§ Data to examine:
========================================

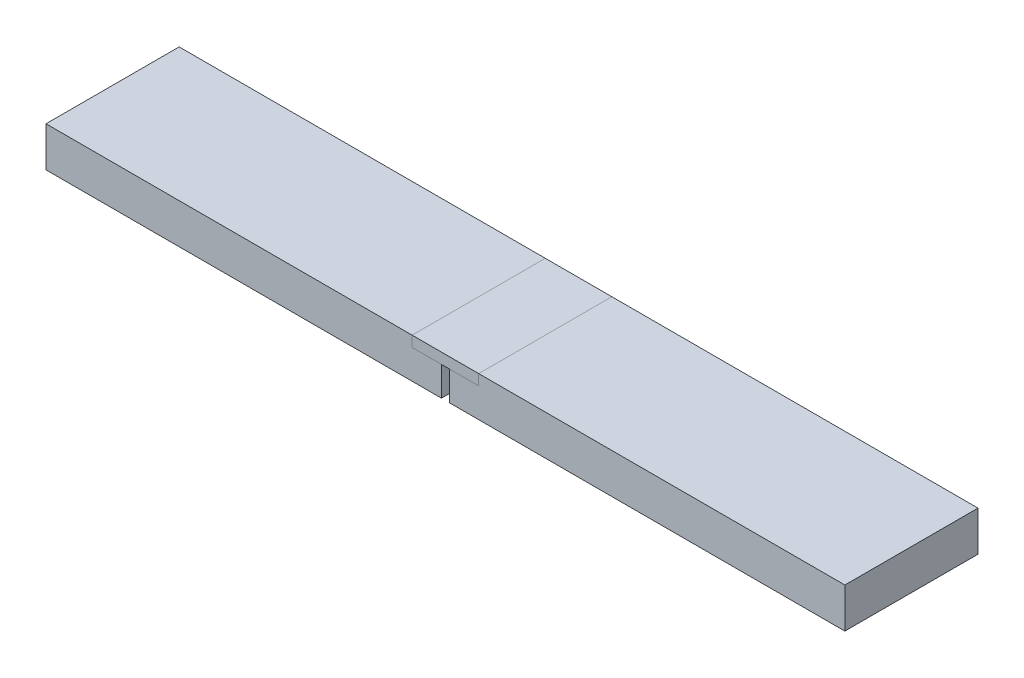
ISO-10303-21;
HEADER;
FILE_DESCRIPTION(('STEP AP214'),'2;1');
FILE_NAME('part.step','',(''),(''),'','','');
FILE_SCHEMA(('AUTOMOTIVE_DESIGN { 1 0 10303 214 1 1 1 1 }'));
ENDSEC;
DATA;
#1=APPLICATION_CONTEXT('core data for automotive mechanical design processes');
#2=APPLICATION_PROTOCOL_DEFINITION('international standard','automotive_design',2000,#1);
#3=PRODUCT_CONTEXT('',#1,'mechanical');
#4=PRODUCT('Part','Part','',(#3));
#5=PRODUCT_RELATED_PRODUCT_CATEGORY('part','',(#4));
#6=PRODUCT_DEFINITION_FORMATION('','',#4);
#7=PRODUCT_DEFINITION_CONTEXT('part definition',#1,'design');
#8=PRODUCT_DEFINITION('design','',#6,#7);
#9=PRODUCT_DEFINITION_SHAPE('','',#8);
#10=(LENGTH_UNIT() NAMED_UNIT(*) SI_UNIT(.MILLI.,.METRE.));
#11=(NAMED_UNIT(*) PLANE_ANGLE_UNIT() SI_UNIT($,.RADIAN.));
#12=(NAMED_UNIT(*) SI_UNIT($,.STERADIAN.) SOLID_ANGLE_UNIT());
#13=UNCERTAINTY_MEASURE_WITH_UNIT(LENGTH_MEASURE(1.E-05),#10,'distance_accuracy_value','');
#14=(GEOMETRIC_REPRESENTATION_CONTEXT(3) GLOBAL_UNCERTAINTY_ASSIGNED_CONTEXT((#13)) GLOBAL_UNIT_ASSIGNED_CONTEXT((#10,
#11,#12)) REPRESENTATION_CONTEXT('',''));
#15=CARTESIAN_POINT('',(0.,0.,0.));
#16=DIRECTION('',(0.,0.,1.));
#17=DIRECTION('',(1.,0.,0.));
#18=AXIS2_PLACEMENT_3D('',#15,#16,#17);
#19=CARTESIAN_POINT('',(6.19565217391305,3.,-1.78260869565217));
#20=DIRECTION('',(1.,0.,0.));
#21=DIRECTION('',(0.,0.,-1.));
#22=AXIS2_PLACEMENT_3D('',#19,#20,#21);
#23=PLANE('',#22);
#24=DIRECTION('',(0.,0.,1.));
#25=VECTOR('',#24,1.);
#26=CARTESIAN_POINT('',(6.19565217391305,2.2,-1.78260869565217));
#27=LINE('',#26,#25);
#28=CARTESIAN_POINT('',(6.19565217391305,2.2,-1.78260869565217));
#29=VERTEX_POINT('',#28);
#30=CARTESIAN_POINT('',(6.19565217391305,2.2,8.21739130434783));
#31=VERTEX_POINT('',#30);
#32=EDGE_CURVE('E121',#29,#31,#27,.T.);
#33=ORIENTED_EDGE('',*,*,#32,.T.);
#34=DIRECTION('',(0.,-1.,0.));
#35=VECTOR('',#34,1.);
#36=CARTESIAN_POINT('',(6.19565217391305,3.,8.21739130434783));
#37=LINE('',#36,#35);
#38=CARTESIAN_POINT('',(6.19565217391305,3.,8.21739130434783));
#39=VERTEX_POINT('',#38);
#40=EDGE_CURVE('E12',#39,#31,#37,.T.);
#41=ORIENTED_EDGE('',*,*,#40,.F.);
#42=DIRECTION('',(0.,0.,1.));
#43=VECTOR('',#42,1.);
#44=CARTESIAN_POINT('',(6.19565217391305,3.,-1.78260869565217));
#45=LINE('',#44,#43);
#46=CARTESIAN_POINT('',(6.19565217391305,3.,-1.78260869565217));
#47=VERTEX_POINT('',#46);
#48=EDGE_CURVE('E109',#47,#39,#45,.T.);
#49=ORIENTED_EDGE('',*,*,#48,.F.);
#50=DIRECTION('',(0.,-1.,0.));
#51=VECTOR('',#50,1.);
#52=CARTESIAN_POINT('',(6.19565217391305,3.,-1.78260869565217));
#53=LINE('',#52,#51);
#54=EDGE_CURVE('E117',#47,#29,#53,.T.);
#55=ORIENTED_EDGE('',*,*,#54,.T.);
#56=EDGE_LOOP('',(#33,#41,#49,#55));
#57=FACE_BOUND('',#56,.T.);
#58=ADVANCED_FACE('F58',(#57),#23,.F.);
#59=CARTESIAN_POINT('',(6.19565217391305,3.,8.21739130434783));
#60=DIRECTION('',(0.,0.,-1.));
#61=DIRECTION('',(-1.,0.,0.));
#62=AXIS2_PLACEMENT_3D('',#59,#60,#61);
#63=PLANE('',#62);
#64=DIRECTION('',(1.,0.,0.));
#65=VECTOR('',#64,1.);
#66=CARTESIAN_POINT('',(6.19565217391305,2.2,8.21739130434783));
#67=LINE('',#66,#65);
#68=CARTESIAN_POINT('',(11.1956521739131,2.2,8.21739130434783));
#69=VERTEX_POINT('',#68);
#70=EDGE_CURVE('E113',#31,#69,#67,.T.);
#71=ORIENTED_EDGE('',*,*,#70,.T.);
#72=DIRECTION('',(0.,-1.,0.));
#73=VECTOR('',#72,1.);
#74=CARTESIAN_POINT('',(11.1956521739131,3.,8.21739130434783));
#75=LINE('',#74,#73);
#76=CARTESIAN_POINT('',(11.1956521739131,3.,8.21739130434783));
#77=VERTEX_POINT('',#76);
#78=EDGE_CURVE('E66',#77,#69,#75,.T.);
#79=ORIENTED_EDGE('',*,*,#78,.F.);
#80=DIRECTION('',(1.,0.,0.));
#81=VECTOR('',#80,1.);
#82=CARTESIAN_POINT('',(6.19565217391305,3.,8.21739130434783));
#83=LINE('',#82,#81);
#84=EDGE_CURVE('E104',#39,#77,#83,.T.);
#85=ORIENTED_EDGE('',*,*,#84,.F.);
#86=ORIENTED_EDGE('',*,*,#40,.T.);
#87=EDGE_LOOP('',(#71,#79,#85,#86));
#88=FACE_BOUND('',#87,.T.);
#89=ADVANCED_FACE('F112',(#88),#63,.F.);
#90=CARTESIAN_POINT('',(11.1956521739131,3.,-1.78260869565217));
#91=DIRECTION('',(-1.,0.,0.));
#92=DIRECTION('',(0.,0.,1.));
#93=AXIS2_PLACEMENT_3D('',#90,#91,#92);
#94=PLANE('',#93);
#95=DIRECTION('',(0.,0.,-1.));
#96=VECTOR('',#95,1.);
#97=CARTESIAN_POINT('',(11.1956521739131,2.2,-1.78260869565217));
#98=LINE('',#97,#96);
#99=CARTESIAN_POINT('',(11.1956521739131,2.2,-1.78260869565217));
#100=VERTEX_POINT('',#99);
#101=EDGE_CURVE('E91',#69,#100,#98,.T.);
#102=ORIENTED_EDGE('',*,*,#101,.T.);
#103=DIRECTION('',(0.,-1.,0.));
#104=VECTOR('',#103,1.);
#105=CARTESIAN_POINT('',(11.1956521739131,3.,-1.78260869565217));
#106=LINE('',#105,#104);
#107=CARTESIAN_POINT('',(11.1956521739131,3.,-1.78260869565217));
#108=VERTEX_POINT('',#107);
#109=EDGE_CURVE('E114',#108,#100,#106,.T.);
#110=ORIENTED_EDGE('',*,*,#109,.F.);
#111=DIRECTION('',(0.,0.,-1.));
#112=VECTOR('',#111,1.);
#113=CARTESIAN_POINT('',(11.1956521739131,3.,-1.78260869565217));
#114=LINE('',#113,#112);
#115=EDGE_CURVE('E107',#77,#108,#114,.T.);
#116=ORIENTED_EDGE('',*,*,#115,.F.);
#117=ORIENTED_EDGE('',*,*,#78,.T.);
#118=EDGE_LOOP('',(#102,#110,#116,#117));
#119=FACE_BOUND('',#118,.T.);
#120=ADVANCED_FACE('F115',(#119),#94,.F.);
#121=CARTESIAN_POINT('',(6.19565217391305,3.,-1.78260869565217));
#122=DIRECTION('',(0.,0.,1.));
#123=DIRECTION('',(1.,0.,0.));
#124=AXIS2_PLACEMENT_3D('',#121,#122,#123);
#125=PLANE('',#124);
#126=DIRECTION('',(-1.,0.,0.));
#127=VECTOR('',#126,1.);
#128=CARTESIAN_POINT('',(6.19565217391305,2.2,-1.78260869565217));
#129=LINE('',#128,#127);
#130=EDGE_CURVE('E97',#100,#29,#129,.T.);
#131=ORIENTED_EDGE('',*,*,#130,.T.);
#132=ORIENTED_EDGE('',*,*,#54,.F.);
#133=DIRECTION('',(-1.,0.,0.));
#134=VECTOR('',#133,1.);
#135=CARTESIAN_POINT('',(6.19565217391305,3.,-1.78260869565217));
#136=LINE('',#135,#134);
#137=EDGE_CURVE('E74',#108,#47,#136,.T.);
#138=ORIENTED_EDGE('',*,*,#137,.F.);
#139=ORIENTED_EDGE('',*,*,#109,.T.);
#140=EDGE_LOOP('',(#131,#132,#138,#139));
#141=FACE_BOUND('',#140,.T.);
#142=ADVANCED_FACE('F128',(#141),#125,.F.);
#143=CARTESIAN_POINT('',(0.,3.,0.));
#144=DIRECTION('',(0.,1.,0.));
#145=DIRECTION('',(0.,0.,1.));
#146=AXIS2_PLACEMENT_3D('',#143,#144,#145);
#147=PLANE('',#146);
#148=ORIENTED_EDGE('',*,*,#48,.T.);
#149=ORIENTED_EDGE('',*,*,#84,.T.);
#150=ORIENTED_EDGE('',*,*,#115,.T.);
#151=ORIENTED_EDGE('',*,*,#137,.T.);
#152=EDGE_LOOP('',(#148,#149,#150,#151));
#153=FACE_BOUND('',#152,.T.);
#154=ADVANCED_FACE('F105',(#153),#147,.T.);
#155=CARTESIAN_POINT('',(0.,2.2,0.));
#156=DIRECTION('',(0.,1.,0.));
#157=DIRECTION('',(0.,0.,1.));
#158=AXIS2_PLACEMENT_3D('',#155,#156,#157);
#159=PLANE('',#158);
#160=ORIENTED_EDGE('',*,*,#32,.F.);
#161=ORIENTED_EDGE('',*,*,#130,.F.);
#162=ORIENTED_EDGE('',*,*,#101,.F.);
#163=ORIENTED_EDGE('',*,*,#70,.F.);
#164=EDGE_LOOP('',(#160,#161,#162,#163));
#165=FACE_BOUND('',#164,.T.);
#166=ADVANCED_FACE('F131',(#165),#159,.F.);
#167=CLOSED_SHELL('',(#58,#89,#120,#142,#154,#166));
#168=MANIFOLD_SOLID_BREP('B2',#167);
#169=CARTESIAN_POINT('',(-21.3043478260869,3.,8.21739130434783));
#170=DIRECTION('',(0.,0.,-1.));
#171=DIRECTION('',(-1.,0.,0.));
#172=AXIS2_PLACEMENT_3D('',#169,#170,#171);
#173=PLANE('',#172);
#174=DIRECTION('',(1.,0.,0.));
#175=VECTOR('',#174,1.);
#176=CARTESIAN_POINT('',(6.19565217391306,2.2,8.21739130434783));
#177=LINE('',#176,#175);
#178=CARTESIAN_POINT('',(6.19565217391306,2.2,8.21739130434783));
#179=VERTEX_POINT('',#178);
#180=CARTESIAN_POINT('',(8.39565217391305,2.2,8.21739130434783));
#181=VERTEX_POINT('',#180);
#182=EDGE_CURVE('E195',#179,#181,#177,.T.);
#183=ORIENTED_EDGE('',*,*,#182,.F.);
#184=DIRECTION('',(0.,1.,0.));
#185=VECTOR('',#184,1.);
#186=CARTESIAN_POINT('',(6.19565217391306,2.2,8.21739130434783));
#187=LINE('',#186,#185);
#188=CARTESIAN_POINT('',(6.19565217391306,3.,8.21739130434783));
#189=VERTEX_POINT('',#188);
#190=EDGE_CURVE('E264',#179,#189,#187,.T.);
#191=ORIENTED_EDGE('',*,*,#190,.T.);
#192=DIRECTION('',(1.,0.,0.));
#193=VECTOR('',#192,1.);
#194=CARTESIAN_POINT('',(-21.3043478260869,3.,8.21739130434783));
#195=LINE('',#194,#193);
#196=CARTESIAN_POINT('',(-21.3043478260869,3.,8.21739130434783));
#197=VERTEX_POINT('',#196);
#198=EDGE_CURVE('E258',#197,#189,#195,.T.);
#199=ORIENTED_EDGE('',*,*,#198,.F.);
#200=DIRECTION('',(0.,-1.,0.));
#201=VECTOR('',#200,1.);
#202=CARTESIAN_POINT('',(-21.3043478260869,3.,8.21739130434783));
#203=LINE('',#202,#201);
#204=CARTESIAN_POINT('',(-21.3043478260869,0.,8.21739130434783));
#205=VERTEX_POINT('',#204);
#206=EDGE_CURVE('E252',#197,#205,#203,.T.);
#207=ORIENTED_EDGE('',*,*,#206,.T.);
#208=DIRECTION('',(1.,0.,0.));
#209=VECTOR('',#208,1.);
#210=CARTESIAN_POINT('',(-21.3043478260869,0.,8.21739130434783));
#211=LINE('',#210,#209);
#212=CARTESIAN_POINT('',(8.39565217391305,0.,8.21739130434783));
#213=VERTEX_POINT('',#212);
#214=EDGE_CURVE('E255',#205,#213,#211,.T.);
#215=ORIENTED_EDGE('',*,*,#214,.T.);
#216=DIRECTION('',(0.,-1.,0.));
#217=VECTOR('',#216,1.);
#218=CARTESIAN_POINT('',(8.39565217391305,2.2,8.21739130434783));
#219=LINE('',#218,#217);
#220=EDGE_CURVE('E234',#181,#213,#219,.T.);
#221=ORIENTED_EDGE('',*,*,#220,.F.);
#222=EDGE_LOOP('',(#183,#191,#199,#207,#215,#221));
#223=FACE_BOUND('',#222,.T.);
#224=ADVANCED_FACE('F191',(#223),#173,.F.);
#225=CARTESIAN_POINT('',(-21.3043478260869,3.,-1.78260869565217));
#226=DIRECTION('',(0.,0.,-1.));
#227=DIRECTION('',(-1.,0.,0.));
#228=AXIS2_PLACEMENT_3D('',#225,#226,#227);
#229=PLANE('',#228);
#230=DIRECTION('',(0.,1.,0.));
#231=VECTOR('',#230,1.);
#232=CARTESIAN_POINT('',(6.19565217391305,2.2,-1.78260869565217));
#233=LINE('',#232,#231);
#234=CARTESIAN_POINT('',(6.19565217391305,2.2,-1.78260869565217));
#235=VERTEX_POINT('',#234);
#236=CARTESIAN_POINT('',(6.19565217391305,3.,-1.78260869565217));
#237=VERTEX_POINT('',#236);
#238=EDGE_CURVE('E56',#235,#237,#233,.T.);
#239=ORIENTED_EDGE('',*,*,#238,.F.);
#240=DIRECTION('',(-1.,0.,0.));
#241=VECTOR('',#240,1.);
#242=CARTESIAN_POINT('',(6.19565217391305,2.2,-1.78260869565217));
#243=LINE('',#242,#241);
#244=CARTESIAN_POINT('',(8.39565217391305,2.2,-1.78260869565217));
#245=VERTEX_POINT('',#244);
#246=EDGE_CURVE('E223',#245,#235,#243,.T.);
#247=ORIENTED_EDGE('',*,*,#246,.F.);
#248=DIRECTION('',(0.,-1.,0.));
#249=VECTOR('',#248,1.);
#250=CARTESIAN_POINT('',(8.39565217391306,2.2,-1.78260869565217));
#251=LINE('',#250,#249);
#252=CARTESIAN_POINT('',(8.39565217391306,0.,-1.78260869565217));
#253=VERTEX_POINT('',#252);
#254=EDGE_CURVE('E273',#245,#253,#251,.T.);
#255=ORIENTED_EDGE('',*,*,#254,.T.);
#256=DIRECTION('',(1.,0.,0.));
#257=VECTOR('',#256,1.);
#258=CARTESIAN_POINT('',(-21.3043478260869,0.,-1.78260869565217));
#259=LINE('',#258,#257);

========================================

§ Task statement:
Copy the lines above exactly. Start with the line containing "#108=VERTEX_POINT('',#107);", end with the line containing "#132=ORIENTED_EDGE('',*,*,#54,.F.);", and include both.

§ Output below:
#108=VERTEX_POINT('',#107);
#109=EDGE_CURVE('E114',#108,#100,#106,.T.);
#110=ORIENTED_EDGE('',*,*,#109,.F.);
#111=DIRECTION('',(0.,0.,-1.));
#112=VECTOR('',#111,1.);
#113=CARTESIAN_POINT('',(11.1956521739131,3.,-1.78260869565217));
#114=LINE('',#113,#112);
#115=EDGE_CURVE('E107',#77,#108,#114,.T.);
#116=ORIENTED_EDGE('',*,*,#115,.F.);
#117=ORIENTED_EDGE('',*,*,#78,.T.);
#118=EDGE_LOOP('',(#102,#110,#116,#117));
#119=FACE_BOUND('',#118,.T.);
#120=ADVANCED_FACE('F115',(#119),#94,.F.);
#121=CARTESIAN_POINT('',(6.19565217391305,3.,-1.78260869565217));
#122=DIRECTION('',(0.,0.,1.));
#123=DIRECTION('',(1.,0.,0.));
#124=AXIS2_PLACEMENT_3D('',#121,#122,#123);
#125=PLANE('',#124);
#126=DIRECTION('',(-1.,0.,0.));
#127=VECTOR('',#126,1.);
#128=CARTESIAN_POINT('',(6.19565217391305,2.2,-1.78260869565217));
#129=LINE('',#128,#127);
#130=EDGE_CURVE('E97',#100,#29,#129,.T.);
#131=ORIENTED_EDGE('',*,*,#130,.T.);
#132=ORIENTED_EDGE('',*,*,#54,.F.);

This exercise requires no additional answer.